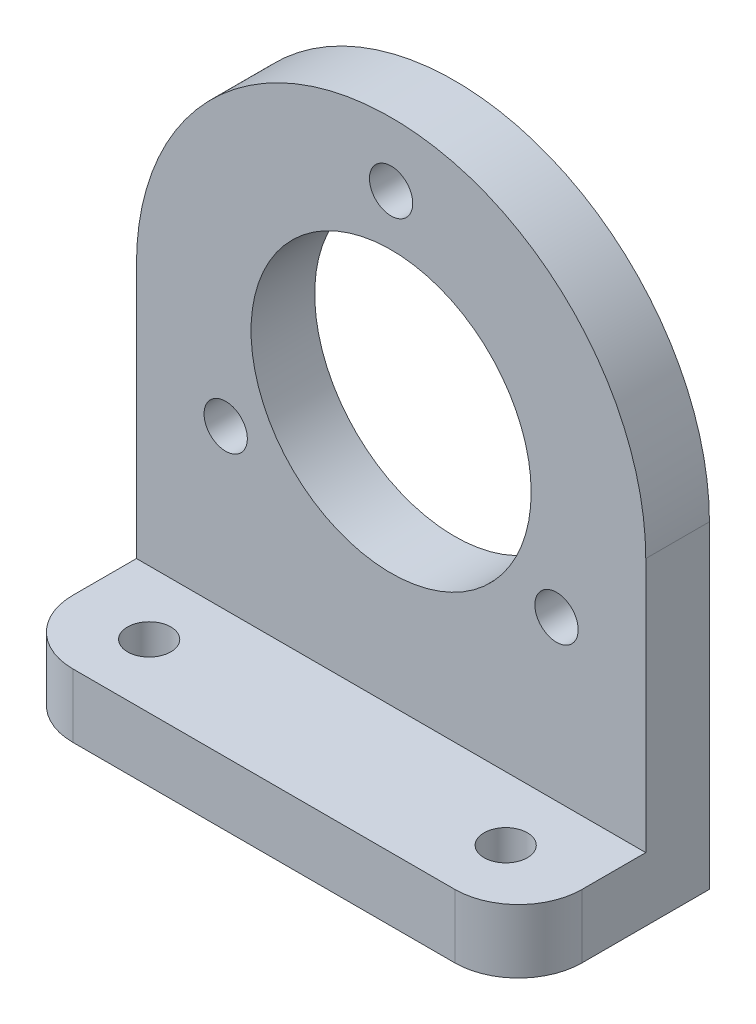
ISO-10303-21;
HEADER;
FILE_DESCRIPTION(('STEP AP214'),'2;1');
FILE_NAME('part.step','',(''),(''),'','','');
FILE_SCHEMA(('AUTOMOTIVE_DESIGN { 1 0 10303 214 1 1 1 1 }'));
ENDSEC;
DATA;
#1=APPLICATION_CONTEXT('core data for automotive mechanical design processes');
#2=APPLICATION_PROTOCOL_DEFINITION('international standard','automotive_design',2000,#1);
#3=PRODUCT_CONTEXT('',#1,'mechanical');
#4=PRODUCT('Part','Part','',(#3));
#5=PRODUCT_RELATED_PRODUCT_CATEGORY('part','',(#4));
#6=PRODUCT_DEFINITION_FORMATION('','',#4);
#7=PRODUCT_DEFINITION_CONTEXT('part definition',#1,'design');
#8=PRODUCT_DEFINITION('design','',#6,#7);
#9=PRODUCT_DEFINITION_SHAPE('','',#8);
#10=(LENGTH_UNIT() NAMED_UNIT(*) SI_UNIT(.MILLI.,.METRE.));
#11=(NAMED_UNIT(*) PLANE_ANGLE_UNIT() SI_UNIT($,.RADIAN.));
#12=(NAMED_UNIT(*) SI_UNIT($,.STERADIAN.) SOLID_ANGLE_UNIT());
#13=UNCERTAINTY_MEASURE_WITH_UNIT(LENGTH_MEASURE(1.E-05),#10,'distance_accuracy_value','');
#14=(GEOMETRIC_REPRESENTATION_CONTEXT(3) GLOBAL_UNCERTAINTY_ASSIGNED_CONTEXT((#13)) GLOBAL_UNIT_ASSIGNED_CONTEXT((#10,
#11,#12)) REPRESENTATION_CONTEXT('',''));
#15=CARTESIAN_POINT('',(0.,0.,0.));
#16=DIRECTION('',(0.,0.,1.));
#17=DIRECTION('',(1.,0.,0.));
#18=AXIS2_PLACEMENT_3D('',#15,#16,#17);
#19=CARTESIAN_POINT('',(-20.,-25.,15.));
#20=DIRECTION('',(0.,1.,0.));
#21=DIRECTION('',(0.,0.,1.));
#22=AXIS2_PLACEMENT_3D('',#19,#20,#21);
#23=PLANE('',#22);
#24=CARTESIAN_POINT('',(-14.,-25.,10.));
#25=DIRECTION('',(0.,1.,0.));
#26=DIRECTION('',(0.,0.,1.));
#27=AXIS2_PLACEMENT_3D('',#24,#25,#26);
#28=CIRCLE('',#27,1.69999999999999);
#29=CARTESIAN_POINT('',(-14.,-25.,11.7));
#30=VERTEX_POINT('',#29);
#31=EDGE_CURVE('E387',#30,#30,#28,.F.);
#32=ORIENTED_EDGE('',*,*,#31,.F.);
#33=EDGE_LOOP('',(#32));
#34=FACE_BOUND('',#33,.T.);
#35=DIRECTION('',(0.,0.,-1.));
#36=VECTOR('',#35,1.);
#37=CARTESIAN_POINT('',(20.,-25.,15.));
#38=LINE('',#37,#36);
#39=CARTESIAN_POINT('',(20.,-25.,10.));
#40=VERTEX_POINT('',#39);
#41=CARTESIAN_POINT('',(20.,-25.,0.));
#42=VERTEX_POINT('',#41);
#43=EDGE_CURVE('E110',#40,#42,#38,.T.);
#44=ORIENTED_EDGE('',*,*,#43,.F.);
#45=CARTESIAN_POINT('',(15.,-25.,10.));
#46=DIRECTION('',(0.,1.,0.));
#47=DIRECTION('',(0.,0.,1.));
#48=AXIS2_PLACEMENT_3D('',#45,#46,#47);
#49=CIRCLE('',#48,5.);
#50=CARTESIAN_POINT('',(15.,-25.,15.));
#51=VERTEX_POINT('',#50);
#52=EDGE_CURVE('E47',#40,#51,#49,.F.);
#53=ORIENTED_EDGE('',*,*,#52,.T.);
#54=DIRECTION('',(1.,0.,0.));
#55=VECTOR('',#54,1.);
#56=CARTESIAN_POINT('',(-20.,-25.,15.));
#57=LINE('',#56,#55);
#58=CARTESIAN_POINT('',(-15.,-25.,15.));
#59=VERTEX_POINT('',#58);
#60=EDGE_CURVE('E127',#59,#51,#57,.T.);
#61=ORIENTED_EDGE('',*,*,#60,.F.);
#62=CARTESIAN_POINT('',(-15.,-25.,10.));
#63=DIRECTION('',(0.,1.,0.));
#64=DIRECTION('',(0.,0.,1.));
#65=AXIS2_PLACEMENT_3D('',#62,#63,#64);
#66=CIRCLE('',#65,5.);
#67=CARTESIAN_POINT('',(-20.,-25.,10.));
#68=VERTEX_POINT('',#67);
#69=EDGE_CURVE('E54',#59,#68,#66,.F.);
#70=ORIENTED_EDGE('',*,*,#69,.T.);
#71=DIRECTION('',(0.,0.,-1.));
#72=VECTOR('',#71,1.);
#73=CARTESIAN_POINT('',(-20.,-25.,15.));
#74=LINE('',#73,#72);
#75=CARTESIAN_POINT('',(-20.,-25.,0.));
#76=VERTEX_POINT('',#75);
#77=EDGE_CURVE('E102',#68,#76,#74,.T.);
#78=ORIENTED_EDGE('',*,*,#77,.T.);
#79=DIRECTION('',(1.,0.,0.));
#80=VECTOR('',#79,1.);
#81=CARTESIAN_POINT('',(-20.,-25.,0.));
#82=LINE('',#81,#80);
#83=EDGE_CURVE('E106',#76,#42,#82,.T.);
#84=ORIENTED_EDGE('',*,*,#83,.T.);
#85=EDGE_LOOP('',(#44,#53,#61,#70,#78,#84));
#86=FACE_BOUND('',#85,.T.);
#87=CARTESIAN_POINT('',(14.,-25.,10.));
#88=DIRECTION('',(0.,1.,0.));
#89=DIRECTION('',(0.,0.,1.));
#90=AXIS2_PLACEMENT_3D('',#87,#88,#89);
#91=CIRCLE('',#90,1.69999999999999);
#92=CARTESIAN_POINT('',(14.,-25.,11.7));
#93=VERTEX_POINT('',#92);
#94=EDGE_CURVE('E128',#93,#93,#91,.F.);
#95=ORIENTED_EDGE('',*,*,#94,.F.);
#96=EDGE_LOOP('',(#95));
#97=FACE_BOUND('',#96,.T.);
#98=ADVANCED_FACE('F39',(#34,#86,#97),#23,.F.);
#99=CARTESIAN_POINT('',(0.,0.,0.));
#100=DIRECTION('',(0.,0.,1.));
#101=DIRECTION('',(1.,0.,0.));
#102=AXIS2_PLACEMENT_3D('',#99,#100,#101);
#103=PLANE('',#102);
#104=CARTESIAN_POINT('',(12.9903810567665,-7.50000000000006,0.));
#105=DIRECTION('',(0.,0.,1.));
#106=DIRECTION('',(1.,0.,0.));
#107=AXIS2_PLACEMENT_3D('',#104,#105,#106);
#108=CIRCLE('',#107,1.7);
#109=CARTESIAN_POINT('',(14.6903810567665,-7.50000000000006,0.));
#110=VERTEX_POINT('',#109);
#111=EDGE_CURVE('E149',#110,#110,#108,.F.);
#112=ORIENTED_EDGE('',*,*,#111,.F.);
#113=EDGE_LOOP('',(#112));
#114=FACE_BOUND('',#113,.T.);
#115=CARTESIAN_POINT('',(0.,15.,0.));
#116=DIRECTION('',(0.,0.,1.));
#117=DIRECTION('',(1.,0.,0.));
#118=AXIS2_PLACEMENT_3D('',#115,#116,#117);
#119=CIRCLE('',#118,1.7);
#120=CARTESIAN_POINT('',(1.7,15.,0.));
#121=VERTEX_POINT('',#120);
#122=EDGE_CURVE('E155',#121,#121,#119,.F.);
#123=ORIENTED_EDGE('',*,*,#122,.F.);
#124=EDGE_LOOP('',(#123));
#125=FACE_BOUND('',#124,.T.);
#126=CARTESIAN_POINT('',(0.,0.,0.));
#127=DIRECTION('',(0.,0.,1.));
#128=DIRECTION('',(1.,0.,0.));
#129=AXIS2_PLACEMENT_3D('',#126,#127,#128);
#130=CIRCLE('',#129,11.);
#131=CARTESIAN_POINT('',(11.,0.,0.));
#132=VERTEX_POINT('',#131);
#133=EDGE_CURVE('E158',#132,#132,#130,.T.);
#134=ORIENTED_EDGE('',*,*,#133,.T.);
#135=EDGE_LOOP('',(#134));
#136=FACE_BOUND('',#135,.T.);
#137=CARTESIAN_POINT('',(0.,0.,0.));
#138=DIRECTION('',(0.,0.,1.));
#139=DIRECTION('',(1.,0.,0.));
#140=AXIS2_PLACEMENT_3D('',#137,#138,#139);
#141=CIRCLE('',#140,20.);
#142=CARTESIAN_POINT('',(20.,0.,0.));
#143=VERTEX_POINT('',#142);
#144=CARTESIAN_POINT('',(-20.,0.,0.));
#145=VERTEX_POINT('',#144);
#146=EDGE_CURVE('E121',#143,#145,#141,.T.);
#147=ORIENTED_EDGE('',*,*,#146,.F.);
#148=DIRECTION('',(0.,-1.,0.));
#149=VECTOR('',#148,1.);
#150=CARTESIAN_POINT('',(20.,0.,0.));
#151=LINE('',#150,#149);
#152=EDGE_CURVE('E120',#143,#42,#151,.T.);
#153=ORIENTED_EDGE('',*,*,#152,.T.);
#154=ORIENTED_EDGE('',*,*,#83,.F.);
#155=DIRECTION('',(0.,-1.,0.));
#156=VECTOR('',#155,1.);
#157=CARTESIAN_POINT('',(-20.,0.,0.));
#158=LINE('',#157,#156);
#159=EDGE_CURVE('E113',#145,#76,#158,.T.);
#160=ORIENTED_EDGE('',*,*,#159,.F.);
#161=EDGE_LOOP('',(#147,#153,#154,#160));
#162=FACE_BOUND('',#161,.T.);
#163=CARTESIAN_POINT('',(-12.9903810567666,-7.49999999999988,0.));
#164=DIRECTION('',(0.,0.,1.));
#165=DIRECTION('',(1.,0.,0.));
#166=AXIS2_PLACEMENT_3D('',#163,#164,#165);
#167=CIRCLE('',#166,1.7);
#168=CARTESIAN_POINT('',(-11.2903810567666,-7.49999999999988,0.));
#169=VERTEX_POINT('',#168);
#170=EDGE_CURVE('E143',#169,#169,#167,.F.);
#171=ORIENTED_EDGE('',*,*,#170,.F.);
#172=EDGE_LOOP('',(#171));
#173=FACE_BOUND('',#172,.T.);
#174=ADVANCED_FACE('F124',(#114,#125,#136,#162,#173),#103,.F.);
#175=CARTESIAN_POINT('',(0.,0.,5.));
#176=DIRECTION('',(0.,0.,-1.));
#177=DIRECTION('',(-1.,0.,0.));
#178=AXIS2_PLACEMENT_3D('',#175,#176,#177);
#179=CYLINDRICAL_SURFACE('',#178,20.);
#180=ORIENTED_EDGE('',*,*,#146,.T.);
#181=DIRECTION('',(0.,0.,-1.));
#182=VECTOR('',#181,1.);
#183=CARTESIAN_POINT('',(-20.,0.,5.));
#184=LINE('',#183,#182);
#185=CARTESIAN_POINT('',(-20.,0.,5.));
#186=VERTEX_POINT('',#185);
#187=EDGE_CURVE('E116',#186,#145,#184,.T.);
#188=ORIENTED_EDGE('',*,*,#187,.F.);
#189=CARTESIAN_POINT('',(0.,0.,5.));
#190=DIRECTION('',(0.,0.,1.));
#191=DIRECTION('',(1.,0.,0.));
#192=AXIS2_PLACEMENT_3D('',#189,#190,#191);
#193=CIRCLE('',#192,20.);
#194=CARTESIAN_POINT('',(20.,0.,5.));
#195=VERTEX_POINT('',#194);
#196=EDGE_CURVE('E164',#195,#186,#193,.T.);
#197=ORIENTED_EDGE('',*,*,#196,.F.);
#198=DIRECTION('',(0.,0.,-1.));
#199=VECTOR('',#198,1.);
#200=CARTESIAN_POINT('',(20.,0.,5.));
#201=LINE('',#200,#199);
#202=EDGE_CURVE('E176',#195,#143,#201,.T.);
#203=ORIENTED_EDGE('',*,*,#202,.T.);
#204=EDGE_LOOP('',(#180,#188,#197,#203));
#205=FACE_BOUND('',#204,.T.);
#206=ADVANCED_FACE('F225',(#205),#179,.T.);
#207=CARTESIAN_POINT('',(-20.,0.,5.));
#208=DIRECTION('',(1.,0.,0.));
#209=DIRECTION('',(0.,1.,0.));
#210=AXIS2_PLACEMENT_3D('',#207,#208,#209);
#211=PLANE('',#210);
#212=ORIENTED_EDGE('',*,*,#77,.F.);
#213=DIRECTION('',(0.,-1.,0.));
#214=VECTOR('',#213,1.);
#215=CARTESIAN_POINT('',(-20.,-20.,10.));
#216=LINE('',#215,#214);
#217=CARTESIAN_POINT('',(-20.,-20.,10.));
#218=VERTEX_POINT('',#217);
#219=EDGE_CURVE('E11',#68,#218,#216,.F.);
#220=ORIENTED_EDGE('',*,*,#219,.T.);
#221=DIRECTION('',(0.,0.,-1.));
#222=VECTOR('',#221,1.);
#223=CARTESIAN_POINT('',(-20.,-20.,15.));
#224=LINE('',#223,#222);
#225=CARTESIAN_POINT('',(-20.,-20.,5.));
#226=VERTEX_POINT('',#225);
#227=EDGE_CURVE('E138',#218,#226,#224,.T.);
#228=ORIENTED_EDGE('',*,*,#227,.T.);
#229=DIRECTION('',(0.,-1.,0.));
#230=VECTOR('',#229,1.);
#231=CARTESIAN_POINT('',(-20.,0.,5.));
#232=LINE('',#231,#230);
#233=EDGE_CURVE('E167',#186,#226,#232,.T.);
#234=ORIENTED_EDGE('',*,*,#233,.F.);
#235=ORIENTED_EDGE('',*,*,#187,.T.);
#236=ORIENTED_EDGE('',*,*,#159,.T.);
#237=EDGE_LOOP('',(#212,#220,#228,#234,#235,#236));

..........

* Instructions to follow *
In the records above, find the line containing "#1=APPLICATION_CONTEXT('core data for" and output every line from the first through that one, exactly, omitting pictures.

* Written answer *
ISO-10303-21;
HEADER;
FILE_DESCRIPTION(('STEP AP214'),'2;1');
FILE_NAME('part.step','',(''),(''),'','','');
FILE_SCHEMA(('AUTOMOTIVE_DESIGN { 1 0 10303 214 1 1 1 1 }'));
ENDSEC;
DATA;
#1=APPLICATION_CONTEXT('core data for automotive mechanical design processes');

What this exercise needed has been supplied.